特集 関節リウマチ患者の上肢機能−維持・改善をめざして
特集にあたって
関節リウマチ(以下RA)は多発性関節炎に基づく関節の破壊とそれに伴う疼痛,変形等により機能障害,能力低下,社会的不利を引き起こす疾患である.また,20〜50代の女性に多いという特徴からも能力低下や社会的不利には特有の問題点が存在する.
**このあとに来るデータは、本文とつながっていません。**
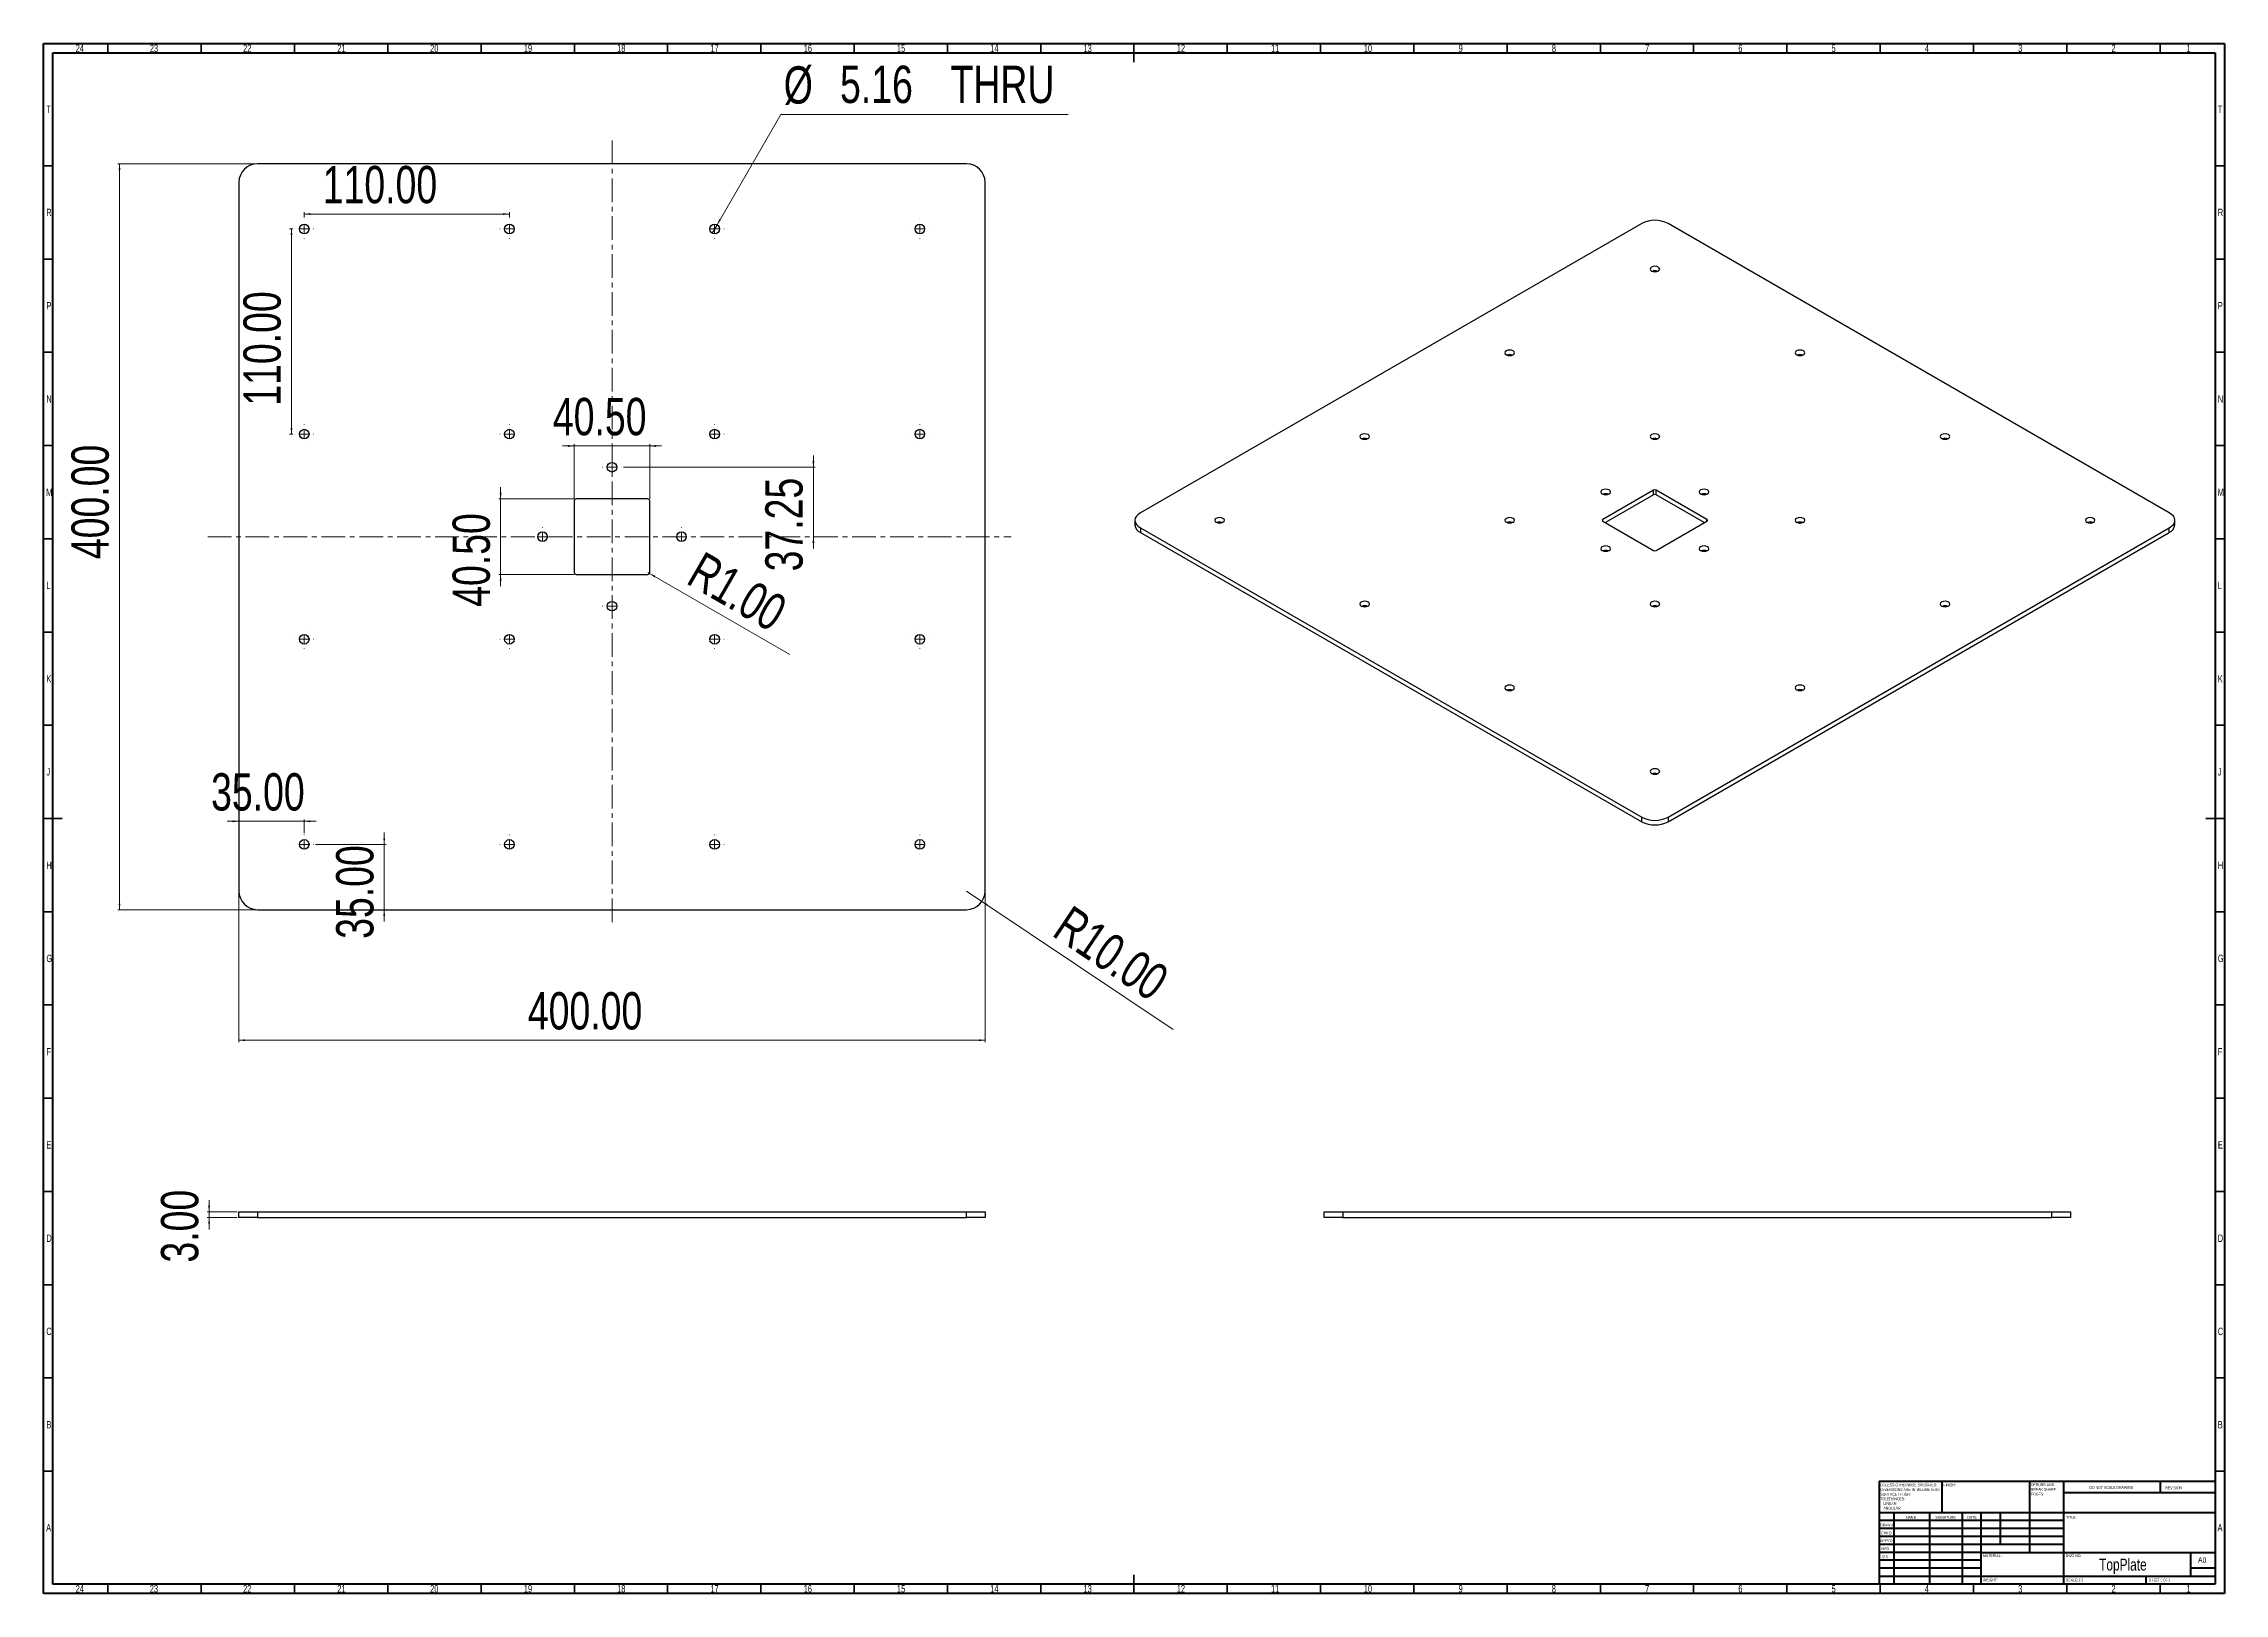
# Model space of a CAD drawing. Header units: inches. Extents: x 13597 to 24437, y 2931 to 11219.
# Drawn here: x 17162 to 18331, y 7428 to 8259 of the extents above; entities that cross this region are included whole.
import ezdxf

# ---------------------------------------------------------------- set-up
doc = ezdxf.new("R2010")
doc.units = ezdxf.units.IN
doc.header["$MEASUREMENT"] = 0
doc.linetypes.add('CENTERX2', pattern=[20.32, 12.7, -2.54, 2.54, -2.54])
doc.styles.add('SLDTEXTSTYLE0', font='TXT', dxfattribs={"width": 0.75})
doc.styles.add('SLDTEXTSTYLE1', font='TXT', dxfattribs={"width": 0.686449})
doc.styles.add('SLDTEXTSTYLE2', font='TXT', dxfattribs={"width": 0.6875})

msp = doc.modelspace()

# ---------------------------------------------------------------- linework, layer by layer
at = {"color": 7, "linetype": 'Continuous', "lineweight": 70}
for p, q in [((17162.235, 7427.725), (17162.235, 8258.725)), ((17162.235, 8258.725), (18331.235, 8258.725)), ((17167.235, 7432.725), (17167.235, 8253.725)), ((17167.235, 8253.725), (18326.235, 8253.725)), ((18326.235, 8253.725), (18326.235, 7432.725)), ((18331.235, 8258.725), (18331.235, 7427.725)), ((18331.235, 7427.725), (17162.235, 7427.725)), ((18326.235, 7432.725), (17167.235, 7432.725))]:
    msp.add_line(p, q, dxfattribs=at)
at = {"color": 7, "linetype": 'Continuous', "lineweight": 35}
for p, q in [((17196.735, 8253.725), (17196.735, 8258.725)), ((17246.735, 8253.725), (17246.735, 8258.725)), ((17296.735, 8253.725), (17296.735, 8258.725)), ((17346.735, 8253.725), (17346.735, 8258.725)), ((17396.735, 8253.725), (17396.735, 8258.725)), ((17446.735, 8253.725), (17446.735, 8258.725)), ((17496.735, 8253.725), (17496.735, 8258.725)), ((17546.735, 8253.725), (17546.735, 8258.725)), ((17596.735, 8253.725), (17596.735, 8258.725)), ((17646.735, 8253.725), (17646.735, 8258.725)), ((17696.735, 8253.725), (17696.735, 8258.725)), ((17746.735, 8258.725), (17746.735, 8248.725)), ((17746.735, 8253.725), (17746.735, 8258.725)), ((17796.735, 8253.725), (17796.735, 8258.725)), ((17846.735, 8253.725), (17846.735, 8258.725)), ((17896.735, 8253.725), (17896.735, 8258.725)), ((17946.735, 8253.725), (17946.735, 8258.725)), ((17996.735, 8253.725), (17996.735, 8258.725)), ((18046.735, 8253.725), (18046.735, 8258.725)), ((18096.735, 8253.725), (18096.735, 8258.725)), ((18146.735, 8253.725), (18146.735, 8258.725)), ((18196.735, 8253.725), (18196.735, 8258.725)), ((18246.735, 8253.725), (18246.735, 8258.725)), ((18296.735, 8253.725), (18296.735, 8258.725)), ((17167.235, 8193.225), (17162.235, 8193.225)), ((18326.235, 8193.225), (18331.235, 8193.225)), ((17167.235, 8143.225), (17162.235, 8143.225)), ((18326.235, 8143.225), (18331.235, 8143.225)), ((17167.235, 8093.225), (17162.235, 8093.225)), ((18326.235, 8093.225), (18331.235, 8093.225)), ((17167.235, 8043.225), (17162.235, 8043.225)), ((18326.235, 8043.225), (18331.235, 8043.225)), ((17167.235, 7993.225), (17162.235, 7993.225)), ((18326.235, 7993.225), (18331.235, 7993.225)), ((17167.235, 7943.225), (17162.235, 7943.225)), ((18326.235, 7943.225), (18331.235, 7943.225)), ((17167.235, 7893.225), (17162.235, 7893.225)), ((18326.235, 7893.225), (18331.235, 7893.225)), ((17162.235, 7843.225), (17172.235, 7843.225)), ((17167.235, 7843.225), (17162.235, 7843.225)), ((18331.235, 7843.225), (18321.235, 7843.225)), ((18326.235, 7843.225), (18331.235, 7843.225)), ((17167.235, 7793.225), (17162.235, 7793.225)), ((18326.235, 7793.225), (18331.235, 7793.225)), ((17167.235, 7743.225), (17162.235, 7743.225)), ((18326.235, 7743.225), (18331.235, 7743.225)), ((17167.235, 7693.225), (17162.235, 7693.225)), ((18326.235, 7693.225), (18331.235, 7693.225)), ((17167.235, 7643.225), (17162.235, 7643.225)), ((18326.235, 7643.225), (18331.235, 7643.225)), ((17167.235, 7593.225), (17162.235, 7593.225)), ((18326.235, 7593.225), (18331.235, 7593.225)), ((17167.235, 7543.225), (17162.235, 7543.225)), ((18326.235, 7543.225), (18331.235, 7543.225)), ((17167.235, 7493.225), (17162.235, 7493.225)), ((18326.235, 7493.225), (18331.235, 7493.225)), ((17746.735, 7427.725), (17746.735, 7437.725)), ((17196.735, 7432.725), (17196.735, 7427.725)), ((17246.735, 7432.725), (17246.735, 7427.725)), ((17296.735, 7432.725), (17296.735, 7427.725)), ((17346.735, 7432.725), (17346.735, 7427.725)), ((17396.735, 7432.725), (17396.735, 7427.725)), ((17446.735, 7432.725), (17446.735, 7427.725)), ((17496.735, 7432.725), (17496.735, 7427.725)), ((17546.735, 7432.725), (17546.735, 7427.725)), ((17596.735, 7432.725), (17596.735, 7427.725)), ((17646.735, 7432.725), (17646.735, 7427.725)), ((17696.735, 7432.725), (17696.735, 7427.725)), ((17746.735, 7432.725), (17746.735, 7427.725)), ((17796.735, 7432.725), (17796.735, 7427.725)), ((17846.735, 7432.725), (17846.735, 7427.725)), ((17896.735, 7432.725), (17896.735, 7427.725)), ((17946.735, 7432.725), (17946.735, 7427.725)), ((17996.735, 7432.725), (17996.735, 7427.725)), ((18046.735, 7432.725), (18046.735, 7427.725)), ((18096.735, 7432.725), (18096.735, 7427.725)), ((18146.735, 7432.725), (18146.735, 7427.725)), ((18196.735, 7432.725), (18196.735, 7427.725)), ((18246.735, 7432.725), (18246.735, 7427.725)), ((18296.735, 7432.725), (18296.735, 7427.725))]:
    msp.add_line(p, q, dxfattribs=at)
at = {"color": 7, "linetype": 'Continuous', "lineweight": 0}
for p, q in [((17523.223, 8161.567), (17557.409, 8220.779)), ((17557.409, 8220.779), (17711.52, 8220.779)), ((17275.933, 8194.332), (17201.933, 8194.332)), ((17202.933, 8194.332), (17202.933, 7794.332)), ((17301.933, 8165.412), (17301.933, 8168.352)), ((17301.933, 8167.352), (17411.933, 8167.352)), ((17411.933, 8165.412), (17411.933, 8168.352)), ((17520.643, 8157.098), (17523.223, 8161.567)), ((17295.853, 8159.332), (17294.099, 8159.332)), ((17295.099, 8159.332), (17295.099, 8049.332)), ((17295.853, 8049.332), (17294.099, 8049.332)), ((17446.683, 8042.966), (17440.333, 8042.966)), ((17446.683, 8014.582), (17446.683, 8043.966)), ((17446.683, 8042.966), (17487.183, 8042.966)), ((17487.183, 8014.582), (17487.183, 8043.966)), ((17487.183, 8042.966), (17493.533, 8042.966)), ((17473.013, 8031.582), (17575.874, 8031.582)), ((17574.874, 8031.582), (17574.874, 8037.932)), ((17574.874, 8031.582), (17574.874, 7994.332)), ((17407.224, 8014.582), (17407.224, 8020.932)), ((17446.683, 8014.582), (17406.224, 8014.582)), ((17407.224, 8014.582), (17407.224, 7974.082)), ((17574.874, 7994.332), (17574.874, 7987.982)), ((17446.683, 7974.082), (17406.224, 7974.082)), ((17407.224, 7974.082), (17407.224, 7967.732)), ((17487.049, 7974.582), (17486.183, 7975.082)), ((17487.049, 7974.582), (17562.166, 7931.214)), ((17266.933, 7841.732), (17260.583, 7841.732)), ((17301.933, 7841.732), (17266.933, 7841.732)), ((17301.933, 7835.412), (17301.933, 7842.732)), ((17301.933, 7841.732), (17308.283, 7841.732)), ((17344.809, 7829.332), (17344.809, 7835.682)), ((17308.013, 7829.332), (17345.809, 7829.332)), ((17344.809, 7829.332), (17344.809, 7794.332)), ((17266.933, 7803.332), (17266.933, 7723.332)), ((17665.239, 7798.764), (17656.933, 7804.332)), ((17665.239, 7798.764), (17767.705, 7730.072)), ((17666.933, 7803.332), (17666.933, 7723.332)), ((17275.933, 7794.332), (17201.933, 7794.332)), ((17344.809, 7794.332), (17344.809, 7787.982)), ((17266.933, 7724.332), (17666.933, 7724.332)), ((17250.933, 7632.248), (17250.933, 7638.598)), ((17265.933, 7632.248), (17249.933, 7632.248)), ((17265.933, 7629.248), (17249.933, 7629.248)), ((17250.933, 7632.248), (17250.933, 7629.248)), ((17250.933, 7629.248), (17250.933, 7622.898))]:
    msp.add_line(p, q, dxfattribs=at)
at = {"color": 7, "linetype": 'CENTERX2', "lineweight": 18}
for p, q in [((17466.933, 7787.675), (17466.933, 8208.074)), ((17250.204, 7994.332), (17680.843, 7994.332))]:
    msp.add_line(p, q, dxfattribs=at)
at = {"color": 7, "linetype": 'Continuous', "lineweight": 25}
for p, q in [((17266.933, 8184.332), (17266.933, 7804.332)), ((17656.933, 8194.332), (17276.933, 8194.332)), ((17666.933, 7804.332), (17666.933, 8184.332)), ((18018.873, 8162.311), (17750.172, 8007.194)), ((18301.716, 8007.194), (18033.015, 8162.311)), ((18023.56, 8138.389), (18023.364, 8137.819)), ((18023.364, 8137.819), (18023.56, 8137.249)), ((18024.12, 8138.872), (18023.56, 8138.389)), ((18023.56, 8137.249), (18024.12, 8136.766)), ((18024.957, 8139.195), (18024.12, 8138.872)), ((18024.12, 8136.766), (18024.957, 8136.443)), ((18025.944, 8139.308), (18024.957, 8139.195)), ((18024.957, 8136.443), (18025.944, 8136.33)), ((18026.931, 8139.195), (18025.944, 8139.308)), ((18025.944, 8136.33), (18026.931, 8136.443)), ((18027.768, 8138.872), (18026.931, 8139.195)), ((18026.931, 8136.443), (18027.768, 8136.766)), ((18028.328, 8138.389), (18027.768, 8138.872)), ((18027.768, 8136.766), (18028.328, 8137.249)), ((18028.524, 8137.819), (18028.328, 8138.389)), ((18028.328, 8137.249), (18028.524, 8137.819)), ((17945.779, 8093.487), (17945.582, 8092.917)), ((17945.582, 8092.917), (17945.779, 8092.347)), ((17946.338, 8093.97), (17945.779, 8093.487)), ((17945.779, 8092.347), (17946.338, 8091.863)), ((17947.175, 8094.293), (17946.338, 8093.97)), ((17946.338, 8091.863), (17947.175, 8091.541)), ((17948.162, 8094.406), (17947.175, 8094.293)), ((17947.175, 8091.541), (17948.162, 8091.427)), ((17949.15, 8094.293), (17948.162, 8094.406)), ((17948.162, 8091.427), (17949.15, 8091.541)), ((17949.987, 8093.97), (17949.15, 8094.293)), ((17949.15, 8091.541), (17949.987, 8091.863)), ((17950.546, 8093.487), (17949.987, 8093.97)), ((17949.987, 8091.863), (17950.546, 8092.347)), ((17950.742, 8092.917), (17950.546, 8093.487)), ((17950.546, 8092.347), (17950.742, 8092.917)), ((18101.342, 8093.487), (18101.146, 8092.917)), ((18101.146, 8092.917), (18101.342, 8092.347)), ((18101.901, 8093.97), (18101.342, 8093.487)), ((18101.342, 8092.347), (18101.901, 8091.863)), ((18102.738, 8094.293), (18101.901, 8093.97)), ((18101.901, 8091.863), (18102.738, 8091.541)), ((18103.726, 8094.406), (18102.738, 8094.293)), ((18102.738, 8091.541), (18103.726, 8091.427)), ((18104.713, 8094.293), (18103.726, 8094.406)), ((18103.726, 8091.427), (18104.713, 8091.541)), ((18105.55, 8093.97), (18104.713, 8094.293)), ((18104.713, 8091.541), (18105.55, 8091.863)), ((18106.109, 8093.487), (18105.55, 8093.97)), ((18105.55, 8091.863), (18106.109, 8092.347)), ((18106.306, 8092.917), (18106.109, 8093.487)), ((18106.109, 8092.347), (18106.306, 8092.917)), ((17867.997, 8048.584), (17867.801, 8048.014)), ((17867.801, 8048.014), (17867.997, 8047.444)), ((17868.556, 8049.067), (17867.997, 8048.584)), ((17867.997, 8047.444), (17868.556, 8046.961)), ((17869.393, 8049.39), (17868.556, 8049.067)), ((17868.556, 8046.961), (17869.393, 8046.638)), ((17870.381, 8049.504), (17869.393, 8049.39)), ((17869.393, 8046.638), (17870.381, 8046.525)), ((17871.368, 8049.39), (17870.381, 8049.504)), ((17870.381, 8046.525), (17871.368, 8046.638)), ((17872.205, 8049.067), (17871.368, 8049.39)), ((17871.368, 8046.638), (17872.205, 8046.961)), ((17872.764, 8048.584), (17872.205, 8049.067)), ((17872.205, 8046.961), (17872.764, 8047.444)), ((17872.961, 8048.014), (17872.764, 8048.584)), ((17872.764, 8047.444), (17872.961, 8048.014)), ((18023.56, 8048.584), (18023.364, 8048.014)), ((18023.364, 8048.014), (18023.56, 8047.444)), ((18024.12, 8049.067), (18023.56, 8048.584)), ((18023.56, 8047.444), (18024.12, 8046.961)), ((18024.957, 8049.39), (18024.12, 8049.067)), ((18024.12, 8046.961), (18024.957, 8046.638)), ((18025.944, 8049.504), (18024.957, 8049.39)), ((18024.957, 8046.638), (18025.944, 8046.525)), ((18026.931, 8049.39), (18025.944, 8049.504)), ((18025.944, 8046.525), (18026.931, 8046.638)), ((18027.768, 8049.067), (18026.931, 8049.39)), ((18026.931, 8046.638), (18027.768, 8046.961)), ((18028.328, 8048.584), (18027.768, 8049.067)), ((18027.768, 8046.961), (18028.328, 8047.444)), ((18028.524, 8048.014), (18028.328, 8048.584)), ((18028.328, 8047.444), (18028.524, 8048.014)), ((18179.124, 8048.584), (18178.927, 8048.014)), ((18178.927, 8048.014), (18179.124, 8047.444)), ((18179.683, 8049.067), (18179.124, 8048.584)), ((18179.124, 8047.444), (18179.683, 8046.961)), ((18180.52, 8049.39), (18179.683, 8049.067)), ((18179.683, 8046.961), (18180.52, 8046.638)), ((18181.507, 8049.504), (18180.52, 8049.39)), ((18180.52, 8046.638), (18181.507, 8046.525)), ((18182.495, 8049.39), (18181.507, 8049.504)), ((18181.507, 8046.525), (18182.495, 8046.638)), ((18183.332, 8049.067), (18182.495, 8049.39)), ((18182.495, 8046.638), (18183.332, 8046.961)), ((18183.891, 8048.584), (18183.332, 8049.067)), ((18183.332, 8046.961), (18183.891, 8047.444)), ((18184.087, 8048.014), (18183.891, 8048.584)), ((18183.891, 8047.444), (18184.087, 8048.014)), ((17997.78, 8019.371), (17997.221, 8018.887)), ((17998.617, 8019.693), (17997.78, 8019.371)), ((17999.604, 8019.807), (17998.617, 8019.693)), ((18000.592, 8019.693), (17999.604, 8019.807)), ((18001.429, 8019.371), (18000.592, 8019.693)), ((18001.988, 8018.887), (18001.429, 8019.371)), ((18050.459, 8019.371), (18049.9, 8018.887)), ((18051.296, 8019.693), (18050.459, 8019.371)), ((18052.284, 8019.807), (18051.296, 8019.693)), ((18053.271, 8019.693), (18052.284, 8019.807)), ((18054.108, 8019.371), (18053.271, 8019.693)), ((18054.667, 8018.887), (18054.108, 8019.371)), ((17446.683, 8013.582), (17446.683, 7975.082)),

治療においては,近年RAの早期診断,早期治療が提唱され,早期からの積極的な薬物療法が実践されている.しかし,早期治療のひとつにもあげられている早期リハビリテーション(以下リハ)アプローチについて,わが国で十分な対応がなされているかは疑問がある.リハアプローチは薬物療法,手術療法とならんでRA治療における治療の柱のひとつであるとされているが,現状では変形が進行してADLに支障をきたすようになったり,手術後の機能訓練でのかかわりのなかで実施されていることが多いようである.
上肢障害に関しては,手関節・指関節は早期から疼痛や変形をきたし把持・巧緻動作が障害され,次いで肘・肩関節の障害に由来するリーチ動作等の障害により能力低下が著しいものとなってくる.進行とともに,これらが多関節にわたり障害を受けることも多く,ADLの障害は個々の関節がもつ機能の障害が加算された総合的な障害として現れる.また,下肢の障害を併せもつことも多く,起居動作や杖使用時などにおいては荷重関節としての支持性・安定性といった認識も必要となってくる.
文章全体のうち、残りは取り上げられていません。